DESCRIPTION OF THE TASK: Begin at the line containing "#78=EDGE_CURVE('E305',#77,#69,#75,.T.);" in the data below and go on through the line containing "#87=ORIENTED_EDGE('',*,*,#86,.F.);", repeating each line exactly; include both ends and no other line.

Segment Start: DATA LISTING

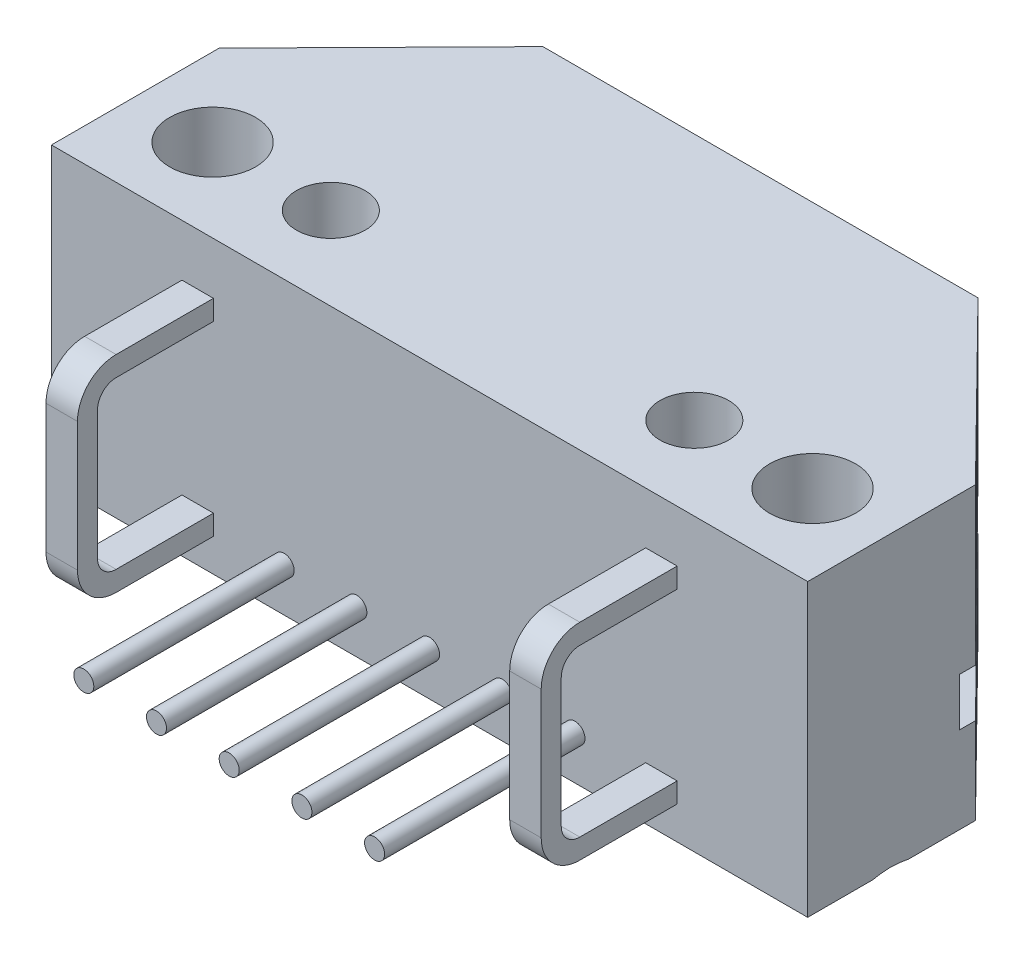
ISO-10303-21;
HEADER;
FILE_DESCRIPTION(('STEP AP214'),'2;1');
FILE_NAME('part.step','',(''),(''),'','','');
FILE_SCHEMA(('AUTOMOTIVE_DESIGN { 1 0 10303 214 1 1 1 1 }'));
ENDSEC;
DATA;
#1=APPLICATION_CONTEXT('core data for automotive mechanical design processes');
#2=APPLICATION_PROTOCOL_DEFINITION('international standard','automotive_design',2000,#1);
#3=PRODUCT_CONTEXT('',#1,'mechanical');
#4=PRODUCT('Part','Part','',(#3));
#5=PRODUCT_RELATED_PRODUCT_CATEGORY('part','',(#4));
#6=PRODUCT_DEFINITION_FORMATION('','',#4);
#7=PRODUCT_DEFINITION_CONTEXT('part definition',#1,'design');
#8=PRODUCT_DEFINITION('design','',#6,#7);
#9=PRODUCT_DEFINITION_SHAPE('','',#8);
#10=(LENGTH_UNIT() NAMED_UNIT(*) SI_UNIT(.MILLI.,.METRE.));
#11=(NAMED_UNIT(*) PLANE_ANGLE_UNIT() SI_UNIT($,.RADIAN.));
#12=(NAMED_UNIT(*) SI_UNIT($,.STERADIAN.) SOLID_ANGLE_UNIT());
#13=UNCERTAINTY_MEASURE_WITH_UNIT(LENGTH_MEASURE(1.E-05),#10,'distance_accuracy_value','');
#14=(GEOMETRIC_REPRESENTATION_CONTEXT(3) GLOBAL_UNCERTAINTY_ASSIGNED_CONTEXT((#13)) GLOBAL_UNIT_ASSIGNED_CONTEXT((#10,
#11,#12)) REPRESENTATION_CONTEXT('',''));
#15=CARTESIAN_POINT('',(0.,0.,0.));
#16=DIRECTION('',(0.,0.,1.));
#17=DIRECTION('',(1.,0.,0.));
#18=AXIS2_PLACEMENT_3D('',#15,#16,#17);
#19=CARTESIAN_POINT('',(0.,-3.42,0.));
#20=DIRECTION('',(0.,1.,0.));
#21=DIRECTION('',(0.,0.,1.));
#22=AXIS2_PLACEMENT_3D('',#19,#20,#21);
#23=PLANE('',#22);
#24=CARTESIAN_POINT('',(10.48,-3.42,15.75));
#25=DIRECTION('',(0.,-1.,0.));
#26=DIRECTION('',(0.,0.,-1.));
#27=AXIS2_PLACEMENT_3D('',#24,#25,#26);
#28=CIRCLE('',#27,2.8);
#29=CARTESIAN_POINT('',(13.21,-3.42,16.3721736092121));
#30=VERTEX_POINT('',#29);
#31=CARTESIAN_POINT('',(13.21,-3.42,15.1278263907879));
#32=VERTEX_POINT('',#31);
#33=EDGE_CURVE('E49',#30,#32,#28,.T.);
#34=ORIENTED_EDGE('',*,*,#33,.F.);
#35=DIRECTION('',(0.,0.,-1.));
#36=VECTOR('',#35,1.);
#37=CARTESIAN_POINT('',(13.21,-3.42,18.65));
#38=LINE('',#37,#36);
#39=CARTESIAN_POINT('',(13.21,-3.42,18.65));
#40=VERTEX_POINT('',#39);
#41=EDGE_CURVE('E285',#40,#30,#38,.T.);
#42=ORIENTED_EDGE('',*,*,#41,.F.);
#43=DIRECTION('',(1.,0.,0.));
#44=VECTOR('',#43,1.);
#45=CARTESIAN_POINT('',(-13.21,-3.42,18.65));
#46=LINE('',#45,#44);
#47=CARTESIAN_POINT('',(-13.21,-3.42,18.65));
#48=VERTEX_POINT('',#47);
#49=EDGE_CURVE('E299',#48,#40,#46,.T.);
#50=ORIENTED_EDGE('',*,*,#49,.F.);
#51=DIRECTION('',(0.,0.,1.));
#52=VECTOR('',#51,1.);
#53=CARTESIAN_POINT('',(-13.21,-3.42,18.65));
#54=LINE('',#53,#52);
#55=CARTESIAN_POINT('',(-13.21,-3.42,16.3721736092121));
#56=VERTEX_POINT('',#55);
#57=EDGE_CURVE('E308',#56,#48,#54,.T.);
#58=ORIENTED_EDGE('',*,*,#57,.F.);
#59=CARTESIAN_POINT('',(-10.48,-3.42,15.75));
#60=DIRECTION('',(0.,-1.,0.));
#61=DIRECTION('',(0.,0.,-1.));
#62=AXIS2_PLACEMENT_3D('',#59,#60,#61);
#63=CIRCLE('',#62,2.8);
#64=CARTESIAN_POINT('',(-13.21,-3.42,15.1278263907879));
#65=VERTEX_POINT('',#64);
#66=EDGE_CURVE('E56',#65,#56,#63,.T.);
#67=ORIENTED_EDGE('',*,*,#66,.F.);
#68=CARTESIAN_POINT('',(-13.21,-3.42,12.79));
#69=VERTEX_POINT('',#68);
#70=EDGE_CURVE('E309',#69,#65,#54,.T.);
#71=ORIENTED_EDGE('',*,*,#70,.F.);
#72=DIRECTION('',(-0.701457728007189,0.,0.712711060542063));
#73=VECTOR('',#72,1.);
#74=CARTESIAN_POINT('',(-13.21,-3.42,12.79));
#75=LINE('',#74,#73);
#76=CARTESIAN_POINT('',(-7.6,-3.42,7.09));
#77=VERTEX_POINT('',#76);
#78=EDGE_CURVE('E305',#77,#69,#75,.T.);
#79=ORIENTED_EDGE('',*,*,#78,.F.);
#80=DIRECTION('',(-1.,0.,0.));
#81=VECTOR('',#80,1.);
#82=CARTESIAN_POINT('',(-7.6,-3.42,7.09));
#83=LINE('',#82,#81);
#84=CARTESIAN_POINT('',(7.6,-3.42,7.09));
#85=VERTEX_POINT('',#84);
#86=EDGE_CURVE('E297',#85,#77,#83,.T.);
#87=ORIENTED_EDGE('',*,*,#86,.F.);
#88=DIRECTION('',(-0.701457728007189,0.,-0.712711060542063));
#89=VECTOR('',#88,1.);
#90=CARTESIAN_POINT('',(13.21,-3.42,12.79));
#91=LINE('',#90,#89);
#92=CARTESIAN_POINT('',(13.21,-3.42,12.79));
#93=VERTEX_POINT('',#92);
#94=EDGE_CURVE('E294',#93,#85,#91,.T.);
#95=ORIENTED_EDGE('',*,*,#94,.F.);
#96=EDGE_CURVE('E288',#32,#93,#38,.T.);
#97=ORIENTED_EDGE('',*,*,#96,.F.);
#98=EDGE_LOOP('',(#34,#42,#50,#58,#67,#71,#79,#87,#95,#97));
#99=FACE_BOUND('',#98,.T.);
#100=ADVANCED_FACE('F35',(#99),#23,.F.);
#101=CARTESIAN_POINT('',(-13.21,-3.42,18.65));
#102=DIRECTION('',(0.,0.,1.));
#103=DIRECTION('',(1.,0.,0.));
#104=AXIS2_PLACEMENT_3D('',#101,#102,#103);
#105=PLANE('',#104);
#106=CARTESIAN_POINT('',(-2.54,-1.9,18.65));
#107=DIRECTION('',(0.,0.,1.));
#108=DIRECTION('',(-1.,0.,0.));
#109=AXIS2_PLACEMENT_3D('',#106,#107,#108);
#110=CIRCLE('',#109,0.35);
#111=CARTESIAN_POINT('',(-2.89,-1.9,18.65));
#112=VERTEX_POINT('',#111);
#113=EDGE_CURVE('E395',#112,#112,#110,.T.);
#114=ORIENTED_EDGE('',*,*,#113,.F.);
#115=EDGE_LOOP('',(#114));
#116=FACE_BOUND('',#115,.T.);
#117=CARTESIAN_POINT('',(2.54,-1.9,18.65));
#118=DIRECTION('',(0.,0.,1.));
#119=DIRECTION('',(1.,0.,0.));
#120=AXIS2_PLACEMENT_3D('',#117,#118,#119);
#121=CIRCLE('',#120,0.35);
#122=CARTESIAN_POINT('',(2.89,-1.9,18.65));
#123=VERTEX_POINT('',#122);
#124=EDGE_CURVE('E399',#123,#123,#121,.T.);
#125=ORIENTED_EDGE('',*,*,#124,.F.);
#126=EDGE_LOOP('',(#125));
#127=FACE_BOUND('',#126,.T.);
#128=DIRECTION('',(0.,1.,0.));
#129=VECTOR('',#128,1.);
#130=CARTESIAN_POINT('',(13.21,-3.42,18.65));
#131=LINE('',#130,#129);
#132=CARTESIAN_POINT('',(13.21,6.74,18.65));
#133=VERTEX_POINT('',#132);
#134=EDGE_CURVE('E293',#40,#133,#131,.T.);
#135=ORIENTED_EDGE('',*,*,#134,.T.);
#136=DIRECTION('',(1.,0.,0.));
#137=VECTOR('',#136,1.);
#138=CARTESIAN_POINT('',(-13.21,6.74,18.65));
#139=LINE('',#138,#137);
#140=CARTESIAN_POINT('',(-13.21,6.74,18.65));
#141=VERTEX_POINT('',#140);
#142=EDGE_CURVE('E623',#141,#133,#139,.T.);
#143=ORIENTED_EDGE('',*,*,#142,.F.);
#144=DIRECTION('',(0.,1.,0.));
#145=VECTOR('',#144,1.);
#146=CARTESIAN_POINT('',(-13.21,-3.42,18.65));
#147=LINE('',#146,#145);
#148=EDGE_CURVE('E312',#48,#141,#147,.T.);
#149=ORIENTED_EDGE('',*,*,#148,.F.);
#150=ORIENTED_EDGE('',*,*,#49,.T.);
#151=EDGE_LOOP('',(#135,#143,#149,#150));
#152=FACE_BOUND('',#151,.T.);
#153=CARTESIAN_POINT('',(0.,-1.9,18.65));
#154=DIRECTION('',(0.,0.,1.));
#155=DIRECTION('',(1.,0.,0.));
#156=AXIS2_PLACEMENT_3D('',#153,#154,#155);
#157=CIRCLE('',#156,0.35);
#158=CARTESIAN_POINT('',(0.350000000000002,-1.9,18.65));
#159=VERTEX_POINT('',#158);
#160=EDGE_CURVE('E405',#159,#159,#157,.T.);
#161=ORIENTED_EDGE('',*,*,#160,.F.);
#162=EDGE_LOOP('',(#161));
#163=FACE_BOUND('',#162,.T.);
#164=CARTESIAN_POINT('',(5.08,-1.9,18.65));
#165=DIRECTION('',(0.,0.,1.));
#166=DIRECTION('',(1.,0.,0.));
#167=AXIS2_PLACEMENT_3D('',#164,#165,#166);
#168=CIRCLE('',#167,0.35);
#169=CARTESIAN_POINT('',(5.43,-1.9,18.65));
#170=VERTEX_POINT('',#169);
#171=EDGE_CURVE('E409',#170,#170,#168,.T.);
#172=ORIENTED_EDGE('',*,*,#171,.F.);
#173=EDGE_LOOP('',(#172));
#174=FACE_BOUND('',#173,.T.);
#175=CARTESIAN_POINT('',(-5.08,-1.9,18.65));
#176=DIRECTION('',(0.,0.,1.));
#177=DIRECTION('',(-1.,0.,0.));
#178=AXIS2_PLACEMENT_3D('',#175,#176,#177);
#179=CIRCLE('',#178,0.35);
#180=CARTESIAN_POINT('',(-5.43,-1.9,18.65));
#181=VERTEX_POINT('',#180);
#182=EDGE_CURVE('E413',#181,#181,#179,.T.);
#183=ORIENTED_EDGE('',*,*,#182,.F.);
#184=EDGE_LOOP('',(#183));
#185=FACE_BOUND('',#184,.T.);
#186=DIRECTION('',(1.,0.,0.));
#187=VECTOR('',#186,1.);
#188=CARTESIAN_POINT('',(7.55,4.23,18.65));
#189=LINE('',#188,#187);
#190=CARTESIAN_POINT('',(7.55,4.23,18.65));
#191=VERTEX_POINT('',#190);
#192=CARTESIAN_POINT('',(8.65,4.23,18.65));
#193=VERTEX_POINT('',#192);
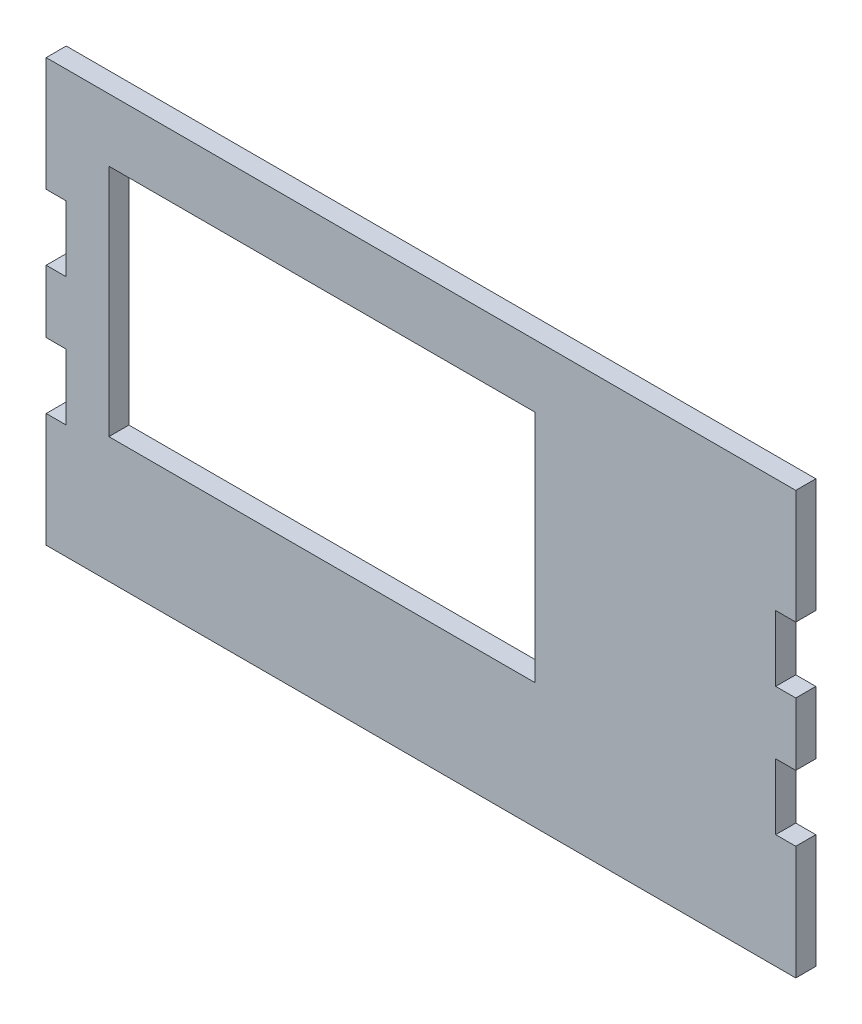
from build123d import *

# Parameters (mm, degrees)
SKETCH1_W           = 340
SKETCH1_H           = 186.8
BOSS_EXTRUDE1_DEPTH = 16


with BuildPart() as part:
    # Sketch1 → Boss-Extrude1 (new body)
    with BuildSketch(Plane.XY):
        Polygon((0, 177.4), (0, 229.8), (-16, 229.8), (-16, 304.8), (-16, 320.8), (0, 320.8), (170, 320.8), (270, 320.8), (581.8, 320.8), (581.8, 304.8), (581.8, 229.8), (565.8, 229.8), (565.8, 177.4), (581.8, 177.4), (581.8, 127.4), (565.8, 127.4), (565.8, 75), (581.8, 75), (581.8, -16), (-16, -16), (-16, 75), (0, 75), (0, 127.4), (-16, 127.4), (-16, 177.4), align=None)
        with Locations((204, 177.4)):
            Rectangle(SKETCH1_W, SKETCH1_H, mode=Mode.SUBTRACT)
    extrude(amount=BOSS_EXTRUDE1_DEPTH)


solid = part.part

Segment End: DATA LISTING

RESULT OF THIS EXERCISE:
#78=EDGE_CURVE('E305',#77,#69,#75,.T.);
#79=ORIENTED_EDGE('',*,*,#78,.F.);
#80=DIRECTION('',(-1.,0.,0.));
#81=VECTOR('',#80,1.);
#82=CARTESIAN_POINT('',(-7.6,-3.42,7.09));
#83=LINE('',#82,#81);
#84=CARTESIAN_POINT('',(7.6,-3.42,7.09));
#85=VERTEX_POINT('',#84);
#86=EDGE_CURVE('E297',#85,#77,#83,.T.);
#87=ORIENTED_EDGE('',*,*,#86,.F.);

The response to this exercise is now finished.